It might feel like a foreign concept to start saving for retirement and invest in stock holdings when you are in your 20’s. But it turns out this is the best time to start. If you received a college degree and were able to find a decent job right after graduating, you are on your way to starting a lifelong career. Not only is it a smart thing to do, but investing in stocks and doing it regularly and responsibly can quickly become a hobby or passion.
At this age, chances are your expenses are low – unless you are a big spender – especially if you haven’t invested in real estate or started a family yet. Saving money is easy at this age if you act responsibly. So start investing your money today! Here are 5 tips on how to manage your finances and create an efficient stock portfolio for every young professional out there.

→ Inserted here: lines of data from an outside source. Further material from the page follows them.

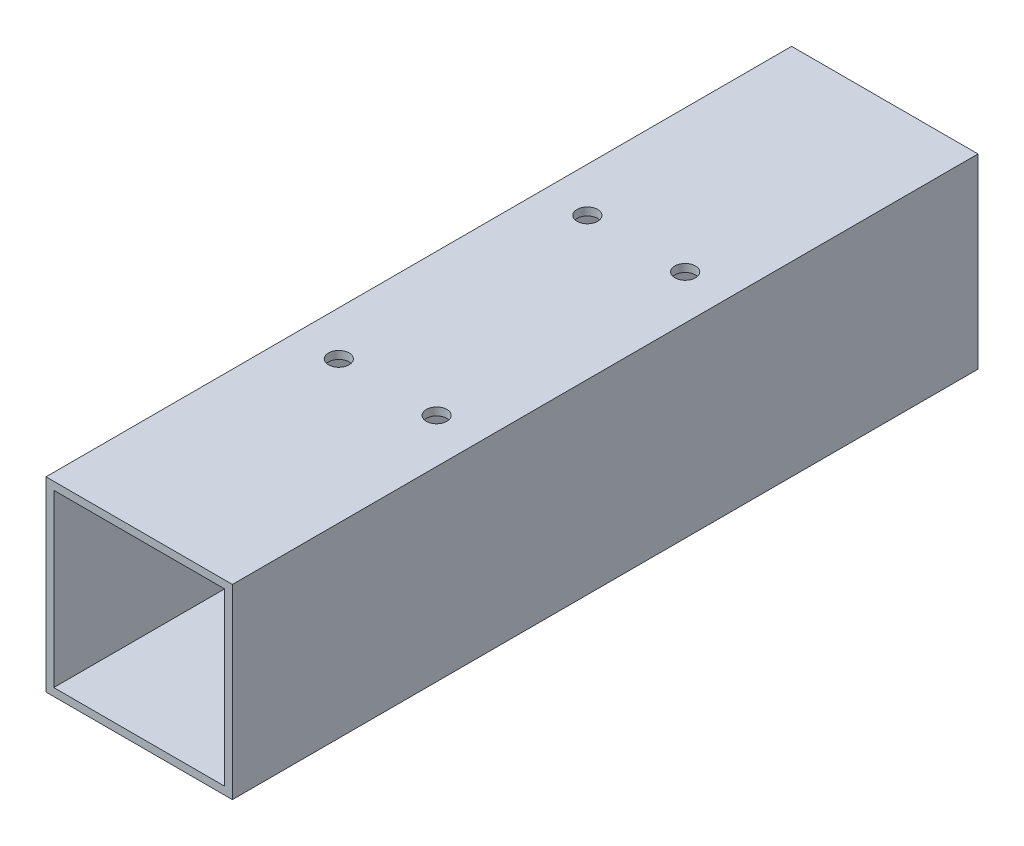
ISO-10303-21;
HEADER;
FILE_DESCRIPTION(('STEP AP214'),'2;1');
FILE_NAME('part.step','',(''),(''),'','','');
FILE_SCHEMA(('AUTOMOTIVE_DESIGN { 1 0 10303 214 1 1 1 1 }'));
ENDSEC;
DATA;
#1=APPLICATION_CONTEXT('core data for automotive mechanical design processes');
#2=APPLICATION_PROTOCOL_DEFINITION('international standard','automotive_design',2000,#1);
#3=PRODUCT_CONTEXT('',#1,'mechanical');
#4=PRODUCT('Part','Part','',(#3));
#5=PRODUCT_RELATED_PRODUCT_CATEGORY('part','',(#4));
#6=PRODUCT_DEFINITION_FORMATION('','',#4);
#7=PRODUCT_DEFINITION_CONTEXT('part definition',#1,'design');
#8=PRODUCT_DEFINITION('design','',#6,#7);
#9=PRODUCT_DEFINITION_SHAPE('','',#8);
#10=(LENGTH_UNIT() NAMED_UNIT(*) SI_UNIT(.MILLI.,.METRE.));
#11=(NAMED_UNIT(*) PLANE_ANGLE_UNIT() SI_UNIT($,.RADIAN.));
#12=(NAMED_UNIT(*) SI_UNIT($,.STERADIAN.) SOLID_ANGLE_UNIT());
#13=UNCERTAINTY_MEASURE_WITH_UNIT(LENGTH_MEASURE(1.E-05),#10,'distance_accuracy_value','');
#14=(GEOMETRIC_REPRESENTATION_CONTEXT(3) GLOBAL_UNCERTAINTY_ASSIGNED_CONTEXT((#13)) GLOBAL_UNIT_ASSIGNED_CONTEXT((#10,
#11,#12)) REPRESENTATION_CONTEXT('',''));
#15=CARTESIAN_POINT('',(0.,0.,0.));
#16=DIRECTION('',(0.,0.,1.));
#17=DIRECTION('',(1.,0.,0.));
#18=AXIS2_PLACEMENT_3D('',#15,#16,#17);
#19=CARTESIAN_POINT('',(-34.925,-34.925,152.4));
#20=DIRECTION('',(0.,1.,0.));
#21=DIRECTION('',(-1.,0.,0.));
#22=AXIS2_PLACEMENT_3D('',#19,#20,#21);
#23=PLANE('',#22);
#24=CARTESIAN_POINT('',(-20.,-34.925,-50.8));
#25=DIRECTION('',(0.,1.,0.));
#26=DIRECTION('',(-1.,0.,0.));
#27=AXIS2_PLACEMENT_3D('',#24,#25,#26);
#28=CIRCLE('',#27,6.74623999999999);
#29=CARTESIAN_POINT('',(-26.74624,-34.925,-50.8));
#30=VERTEX_POINT('',#29);
#31=EDGE_CURVE('E204',#30,#30,#28,.F.);
#32=ORIENTED_EDGE('',*,*,#31,.T.);
#33=EDGE_LOOP('',(#32));
#34=FACE_BOUND('',#33,.T.);
#35=CARTESIAN_POINT('',(20.,-34.925,50.8));
#36=DIRECTION('',(0.,1.,0.));
#37=DIRECTION('',(-1.,0.,0.));
#38=AXIS2_PLACEMENT_3D('',#35,#36,#37);
#39=CIRCLE('',#38,6.74623999999999);
#40=CARTESIAN_POINT('',(13.25376,-34.925,50.8));
#41=VERTEX_POINT('',#40);
#42=EDGE_CURVE('E198',#41,#41,#39,.F.);
#43=ORIENTED_EDGE('',*,*,#42,.T.);
#44=EDGE_LOOP('',(#43));
#45=FACE_BOUND('',#44,.T.);
#46=CARTESIAN_POINT('',(-20.,-34.925,50.8));
#47=DIRECTION('',(0.,1.,0.));
#48=DIRECTION('',(-1.,0.,0.));
#49=AXIS2_PLACEMENT_3D('',#46,#47,#48);
#50=CIRCLE('',#49,6.74623999999999);
#51=CARTESIAN_POINT('',(-26.74624,-34.925,50.8));
#52=VERTEX_POINT('',#51);
#53=EDGE_CURVE('E192',#52,#52,#50,.F.);
#54=ORIENTED_EDGE('',*,*,#53,.T.);
#55=EDGE_LOOP('',(#54));
#56=FACE_BOUND('',#55,.T.);
#57=DIRECTION('',(0.,0.,-1.));
#58=VECTOR('',#57,1.);
#59=CARTESIAN_POINT('',(34.9250000000001,-34.925,152.4));
#60=LINE('',#59,#58);
#61=CARTESIAN_POINT('',(34.9250000000001,-34.925,152.4));
#62=VERTEX_POINT('',#61);
#63=CARTESIAN_POINT('',(34.9250000000001,-34.925,-152.4));
#64=VERTEX_POINT('',#63);
#65=EDGE_CURVE('E116',#62,#64,#60,.T.);
#66=ORIENTED_EDGE('',*,*,#65,.T.);
#67=DIRECTION('',(1.,0.,0.));
#68=VECTOR('',#67,1.);
#69=CARTESIAN_POINT('',(-34.925,-34.925,-152.4));
#70=LINE('',#69,#68);
#71=CARTESIAN_POINT('',(-34.925,-34.925,-152.4));
#72=VERTEX_POINT('',#71);
#73=EDGE_CURVE('E119',#72,#64,#70,.T.);
#74=ORIENTED_EDGE('',*,*,#73,.F.);
#75=DIRECTION('',(0.,0.,-1.));
#76=VECTOR('',#75,1.);
#77=CARTESIAN_POINT('',(-34.925,-34.925,152.4));
#78=LINE('',#77,#76);
#79=CARTESIAN_POINT('',(-34.925,-34.925,152.4));
#80=VERTEX_POINT('',#79);
#81=EDGE_CURVE('E104',#80,#72,#78,.T.);
#82=ORIENTED_EDGE('',*,*,#81,.F.);
#83=DIRECTION('',(1.,0.,0.));
#84=VECTOR('',#83,1.);
#85=CARTESIAN_POINT('',(-34.925,-34.925,152.4));
#86=LINE('',#85,#84);
#87=EDGE_CURVE('E152',#80,#62,#86,.T.);
#88=ORIENTED_EDGE('',*,*,#87,.T.);
#89=EDGE_LOOP('',(#66,#74,#82,#88));
#90=FACE_BOUND('',#89,.T.);
#91=CARTESIAN_POINT('',(20.,-34.925,-50.8));
#92=DIRECTION('',(0.,1.,0.));
#93=DIRECTION('',(-1.,0.,0.));
#94=AXIS2_PLACEMENT_3D('',#91,#92,#93);
#95=CIRCLE('',#94,6.74623999999999);
#96=CARTESIAN_POINT('',(13.25376,-34.925,-50.8));
#97=VERTEX_POINT('',#96);
#98=EDGE_CURVE('E210',#97,#97,#95,.F.);
#99=ORIENTED_EDGE('',*,*,#98,.T.);
#100=EDGE_LOOP('',(#99));
#101=FACE_BOUND('',#100,.T.);
#102=ADVANCED_FACE('F37',(#34,#45,#56,#90,#101),#23,.T.);
#103=CARTESIAN_POINT('',(0.,0.,152.4));
#104=DIRECTION('',(0.,0.,1.));
#105=DIRECTION('',(1.,0.,0.));
#106=AXIS2_PLACEMENT_3D('',#103,#104,#105);
#107=PLANE('',#106);
#108=DIRECTION('',(0.,-1.,0.));
#109=VECTOR('',#108,1.);
#110=CARTESIAN_POINT('',(-38.1,38.1,152.4));
#111=LINE('',#110,#109);
#112=CARTESIAN_POINT('',(-38.1,38.1,152.4));
#113=VERTEX_POINT('',#112);
#114=CARTESIAN_POINT('',(-38.1,-38.1,152.4));
#115=VERTEX_POINT('',#114);
#116=EDGE_CURVE('E115',#113,#115,#111,.T.);
#117=ORIENTED_EDGE('',*,*,#116,.T.);
#118=DIRECTION('',(1.,0.,0.));
#119=VECTOR('',#118,1.);
#120=CARTESIAN_POINT('',(-38.1,-38.1,152.4));
#121=LINE('',#120,#119);
#122=CARTESIAN_POINT('',(38.1,-38.1,152.4));
#123=VERTEX_POINT('',#122);
#124=EDGE_CURVE('E163',#115,#123,#121,.T.);
#125=ORIENTED_EDGE('',*,*,#124,.T.);
#126=DIRECTION('',(0.,1.,0.));
#127=VECTOR('',#126,1.);
#128=CARTESIAN_POINT('',(38.1,-38.1,152.4));
#129=LINE('',#128,#127);
#130=CARTESIAN_POINT('',(38.1,38.1,152.4));
#131=VERTEX_POINT('',#130);
#132=EDGE_CURVE('E165',#123,#131,#129,.T.);
#133=ORIENTED_EDGE('',*,*,#132,.T.);
#134=DIRECTION('',(-1.,0.,0.));
#135=VECTOR('',#134,1.);
#136=CARTESIAN_POINT('',(38.1,38.1,152.4));
#137=LINE('',#136,#135);
#138=EDGE_CURVE('E62',#131,#113,#137,.T.);
#139=ORIENTED_EDGE('',*,*,#138,.T.);
#140=EDGE_LOOP('',(#117,#125,#133,#139));
#141=FACE_BOUND('',#140,.T.);
#142=ORIENTED_EDGE('',*,*,#87,.F.);
#143=DIRECTION('',(0.,-1.,0.));
#144=VECTOR('',#143,1.);
#145=CARTESIAN_POINT('',(-34.925,34.925,152.4));
#146=LINE('',#145,#144);
#147=CARTESIAN_POINT('',(-34.925,34.925,152.4));
#148=VERTEX_POINT('',#147);
#149=EDGE_CURVE('E112',#148,#80,#146,.T.);
#150=ORIENTED_EDGE('',*,*,#149,.F.);
#151=DIRECTION('',(-1.,0.,0.));
#152=VECTOR('',#151,1.);
#153=CARTESIAN_POINT('',(34.925,34.925,152.4));
#154=LINE('',#153,#152);
#155=CARTESIAN_POINT('',(34.925,34.925,152.4));
#156=VERTEX_POINT('',#155);
#157=EDGE_CURVE('E156',#156,#148,#154,.T.);
#158=ORIENTED_EDGE('',*,*,#157,.F.);
#159=DIRECTION('',(0.,1.,0.));
#160=VECTOR('',#159,1.);
#161=CARTESIAN_POINT('',(34.9250000000001,-34.925,152.4));
#162=LINE('',#161,#160);
#163=EDGE_CURVE('E154',#62,#156,#162,.T.);
#164=ORIENTED_EDGE('',*,*,#163,.F.);
#165=EDGE_LOOP('',(#142,#150,#158,#164));
#166=FACE_BOUND('',#165,.T.);
#167=ADVANCED_FACE('F242',(#141,#166),#107,.T.);
#168=CARTESIAN_POINT('',(-38.1,38.1,152.4));
#169=DIRECTION('',(1.,0.,0.));
#170=DIRECTION('',(0.,0.,-1.));
#171=AXIS2_PLACEMENT_3D('',#168,#169,#170);
#172=PLANE('',#171);
#173=DIRECTION('',(0.,0.,-1.));
#174=VECTOR('',#173,1.);
#175=CARTESIAN_POINT('',(-38.1,38.1,152.4));
#176=LINE('',#175,#174);
#177=CARTESIAN_POINT('',(-38.1,38.1,-152.4));
#178=VERTEX_POINT('',#177);
#179=EDGE_CURVE('E168',#113,#178,#176,.T.);
#180=ORIENTED_EDGE('',*,*,#179,.T.);
#181=DIRECTION('',(0.,-1.,0.));
#182=VECTOR('',#181,1.);
#183=CARTESIAN_POINT('',(-38.1,38.1,-152.4));
#184=LINE('',#183,#182);
#185=CARTESIAN_POINT('',(-38.1,-38.1,-152.4));
#186=VERTEX_POINT('',#185);
#187=EDGE_CURVE('E139',#178,#186,#184,.T.);
#188=ORIENTED_EDGE('',*,*,#187,.T.);
#189=DIRECTION('',(0.,0.,-1.));
#190=VECTOR('',#189,1.);
#191=CARTESIAN_POINT('',(-38.1,-38.1,152.4));
#192=LINE('',#191,#190);
#193=EDGE_CURVE('E11',#115,#186,#192,.T.);
#194=ORIENTED_EDGE('',*,*,#193,.F.);
#195=ORIENTED_EDGE('',*,*,#116,.F.);
#196=EDGE_LOOP('',(#180,#188,#194,#195));
#197=FACE_BOUND('',#196,.T.);
#198=ADVANCED_FACE('F39',(#197),#172,.F.);
#199=CARTESIAN_POINT('',(-38.1,-38.1,152.4));
#200=DIRECTION('',(0.,1.,0.));
#201=DIRECTION('',(0.,0.,1.));
#202=AXIS2_PLACEMENT_3D('',#199,#200,#201);
#203=PLANE('',#202);
#204=CARTESIAN_POINT('',(20.,-38.1,-50.8));
#205=DIRECTION('',(0.,-1.,0.));
#206=DIRECTION('',(0.,0.,-1.));
#207=AXIS2_PLACEMENT_3D('',#204,#205,#206);
#208=CIRCLE('',#207,6.74623999999999);
#209=CARTESIAN_POINT('',(20.,-38.1,-57.54624));
#210=VERTEX_POINT('',#209);
#211=EDGE_CURVE('E213',#210,#210,#208,.T.);
#212=ORIENTED_EDGE('',*,*,#211,.F.);
#213=EDGE_LOOP('',(#212));
#214=FACE_BOUND('',#213,.T.);
#215=CARTESIAN_POINT('',(-20.,-38.1,-50.8));
#216=DIRECTION('',(0.,-1.,0.));
#217=DIRECTION('',(0.,0.,-1.));
#218=AXIS2_PLACEMENT_3D('',#215,#216,#217);
#219=CIRCLE('',#218,6.74623999999999);
#220=CARTESIAN_POINT('',(-20.,-38.1,-57.54624));
#221=VERTEX_POINT('',#220);
#222=EDGE_CURVE('E207',#221,#221,#219,.T.);
#223=ORIENTED_EDGE('',*,*,#222,.F.);
#224=EDGE_LOOP('',(#223));
#225=FACE_BOUND('',#224,.T.);
#226=CARTESIAN_POINT('',(20.,-38.1,50.8));
#227=DIRECTION('',(0.,-1.,0.));
#228=DIRECTION('',(0.,0.,-1.));
#229=AXIS2_PLACEMENT_3D('',#226,#227,#228);
#230=CIRCLE('',#229,6.74623999999999);
#231=CARTESIAN_POINT('',(20.,-38.1,44.05376));
#232=VERTEX_POINT('',#231);
#233=EDGE_CURVE('E201',#232,#232,#230,.T.);
#234=ORIENTED_EDGE('',*,*,#233,.F.);
#235=EDGE_LOOP('',(#234));
#236=FACE_BOUND('',#235,.T.);
#237=CARTESIAN_POINT('',(-20.,-38.1,50.8));
#238=DIRECTION('',(0.,-1.,0.));
#239=DIRECTION('',(0.,0.,-1.));
#240=AXIS2_PLACEMENT_3D('',#237,#238,#239);
#241=CIRCLE('',#240,6.74623999999999);
#242=CARTESIAN_POINT('',(-20.,-38.1,44.05376));
#243=VERTEX_POINT('',#242);
#244=EDGE_CURVE('E195',#243,#243,#241,.T.);
#245=ORIENTED_EDGE('',*,*,#244,.F.);
#246=EDGE_LOOP('',(#245));
#247=FACE_BOUND('',#246,.T.);
#248=ORIENTED_EDGE('',*,*,#193,.T.);
#249=DIRECTION('',(1.,0.,0.));
#250=VECTOR('',#249,1.);
#251=CARTESIAN_POINT('',(-38.1,-38.1,-152.4));
#252=LINE('',#251,#250);
#253=CARTESIAN_POINT('',(38.1,-38.1,-152.4));
#254=VERTEX_POINT('',#253);
#255=EDGE_CURVE('E142',#186,#254,#252,.T.);
#256=ORIENTED_EDGE('',*,*,#255,.T.);
#257=DIRECTION('',(0.,0.,-1.));
#258=VECTOR('',#257,1.);
#259=CARTESIAN_POINT('',(38.1,-38.1,152.4));
#260=LINE('',#259,#258);
#261=EDGE_CURVE('E46',#123,#254,#260,.T.);
#262=ORIENTED_EDGE('',*,*,#261,.F.);
#263=ORIENTED_EDGE('',*,*,#124,.F.);
#264=EDGE_LOOP('',(#248,#256,#262,#263));
#265=FACE_BOUND('',#264,.T.);
#266=ADVANCED_FACE('F219',(#214,#225,#236,#247,#265),#203,.F.);
#267=CARTESIAN_POINT('',(38.1,-38.1,152.4));
#268=DIRECTION('',(-1.,0.,0.));
#269=DIRECTION('',(0.,0.,1.));
#270=AXIS2_PLACEMENT_3D('',#267,#268,#269);
#271=PLANE('',#270);
#272=ORIENTED_EDGE('',*,*,#261,.T.);
#273=DIRECTION('',(0.,1.,0.));
#274=VECTOR('',#273,1.);
#275=CARTESIAN_POINT('',(38.1,-38.1,-152.4));
#276=LINE('',#275,#274);
#277=CARTESIAN_POINT('',(38.1,38.1,-152.4));
#278=VERTEX_POINT('',#277);
#279=EDGE_CURVE('E145',#254,#278,#276,.T.);
#280=ORIENTED_EDGE('',*,*,#279,.T.);
#281=DIRECTION('',(0.,0.,-1.));
#282=VECTOR('',#281,1.);
#283=CARTESIAN_POINT('',(38.1,38.1,152.4));
#284=LINE('',#283,#282);
#285=EDGE_CURVE('E170',#131,#278,#284,.T.);
#286=ORIENTED_EDGE('',*,*,#285,.F.);
#287=ORIENTED_EDGE('',*,*,#132,.F.);
#288=EDGE_LOOP('',(#272,#280,#286,#287));
#289=FACE_BOUND('',#288,.T.);
#290=ADVANCED_FACE('F222',(#289),#271,.F.);
#291=CARTESIAN_POINT('',(38.1,38.1,152.4));
#292=DIRECTION('',(0.,-1.,0.));
#293=DIRECTION('',(1.,0.,0.));
#294=AXIS2_PLACEMENT_3D('',#291,#292,#293);
#295=PLANE('',#294);
#296=CARTESIAN_POINT('',(-20.,38.1,-50.8));
#297=DIRECTION('',(0.,-1.,0.));
#298=DIRECTION('',(0.,0.,-1.));
#299=AXIS2_PLACEMENT_3D('',#296,#297,#298);
#300=CIRCLE('',#299,4.21639999999999);
#301=CARTESIAN_POINT('',(-20.,38.1,-55.0164));
#302=VERTEX_POINT('',#301);
#303=EDGE_CURVE('E189',#302,#302,#300,.T.);
#304=ORIENTED_EDGE('',*,*,#303,.T.);
#305=EDGE_LOOP('',(#304));
#306=FACE_BOUND('',#305,.T.);
#307=CARTESIAN_POINT('',(20.,38.1,50.8));
#308=DIRECTION('',(0.,-1.,0.));
#309=DIRECTION('',(0.,0.,-1.));
#310=AXIS2_PLACEMENT_3D('',#307,#308,#309);
#311=CIRCLE('',#310,4.21639999999999);
#312=CARTESIAN_POINT('',(20.,38.1,46.5836));
#313=VERTEX_POINT('',#312);
#314=EDGE_CURVE('E184',#313,#313,#311,.T.);
#315=ORIENTED_EDGE('',*,*,#314,.T.);
#316=EDGE_LOOP('',(#315));
#317=FACE_BOUND('',#316,.T.);
#318=CARTESIAN_POINT('',(20.,38.1,-50.8));
#319=DIRECTION('',(0.,-1.,0.));
#320=DIRECTION('',(0.,0.,-1.));
#321=AXIS2_PLACEMENT_3D('',#318,#319,#320);
#322=CIRCLE('',#321,4.21639999999999);
#323=CARTESIAN_POINT('',(20.,38.1,-55.0164));
#324=VERTEX_POINT('',#323);
#325=EDGE_CURVE('E174',#324,#324,#322,.T.);
#326=ORIENTED_EDGE('',*,*,#325,.T.);
#327=EDGE_LOOP('',(#326));
#328=FACE_BOUND('',#327,.T.);
#329=CARTESIAN_POINT('',(-20.,38.1,50.8));
#330=DIRECTION('',(0.,-1.,0.));
#331=DIRECTION('',(0.,0.,-1.));
#332=AXIS2_PLACEMENT_3D('',#329,#330,#331);
#333=CIRCLE('',#332,4.21639999999999);
#334=CARTESIAN_POINT('',(-20.,38.1,46.5836));
#335=VERTEX_POINT('',#334);
#336=EDGE_CURVE('E133',#335,#335,#333,.T.);
#337=ORIENTED_EDGE('',*,*,#336,.T.);
#338=EDGE_LOOP('',(#337));
#339=FACE_BOUND('',#338,.T.);
#340=ORIENTED_EDGE('',*,*,#285,.T.);
#341=DIRECTION('',(-1.,0.,0.));
#342=VECTOR('',#341,1.);
#343=CARTESIAN_POINT('',(38.1,38.1,-152.4));
#344=LINE('',#343,#342);
#345=EDGE_CURVE('E148',#278,#178,#344,.T.);
#346=ORIENTED_EDGE('',*,*,#345,.T.);
#347=ORIENTED_EDGE('',*,*,#179,.F.);
#348=ORIENTED_EDGE('',*,*,#138,.F.);
#349=EDGE_LOOP('',(#340,#346,#347,#348));
#350=FACE_BOUND('',#349,.T.);
#351=ADVANCED_FACE('F238',(#306,#317,#328,#339,#350),#295,.F.);
#352=CARTESIAN_POINT('',(-34.925,34.925,152.4));
#353=DIRECTION('',(1.,0.,0.));
#354=DIRECTION('',(0.,1.,0.));
#355=AXIS2_PLACEMENT_3D('',#352,#353,#354);
#356=PLANE('',#355);
#357=ORIENTED_EDGE('',*,*,#81,.T.);
#358=DIRECTION('',(0.,-1.,0.));
#359=VECTOR('',#358,1.);
#360=CARTESIAN_POINT('',(-34.925,34.925,-152.4));
#361=LINE('',#360,#359);
#362=CARTESIAN_POINT('',(-34.925,34.925,-152.4));
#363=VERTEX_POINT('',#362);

Diversify, diversify, diversify!
One of the best tips for creating a well-versed portfolio is to diversify! Don’t put all your eggs in one basket, but rather spread your money and invest in a variety of companies. Variety is better than quantity. A healthy portfolio is one that has diversity over a wide spectrum of categories. Another thing to keep in mind is to invest in stocks with regular dividends and ones with potential for long-term growth rather than short-term bursts of profit. This is less of a risk and has a better chance of making money – although it might take longer to see growth.
Find a reputable budget brokerage firm.
There are plenty of budget brokerage firms out there where you won’t have to pay an arm and a leg in fees just for investing. Another way to keep your fees to a minimum is to let your money sit; don’t panic and move your money around just because you see a dip in the market. If you let your money sit, the commission and management fees will be at a minimum and you can invest your hard-earned money elsewhere.
Start saving early.
Of course the concept of saving for retirement at such a young age is crazy for some people, but the earlier you save the better you’ll be later in life. Most companies offer some sort of 401(K) plan for retirement, so definitely consider starting one if this is offered by your employer. If not, consider an IRA – Individual Retirement Account – to put a small percentage of your income each month away for savings. But keep in mind that you will be penalized with fees if you withdraw this money, it is meant for retirement.
Become a regular investor.
The key to keep money accruing through your stock holdings is to become a regular investor – as long as it’s possible for you. Obviously things can happen to prevent you from doing this – like more life expenses or loss of employment – but if you can, do it.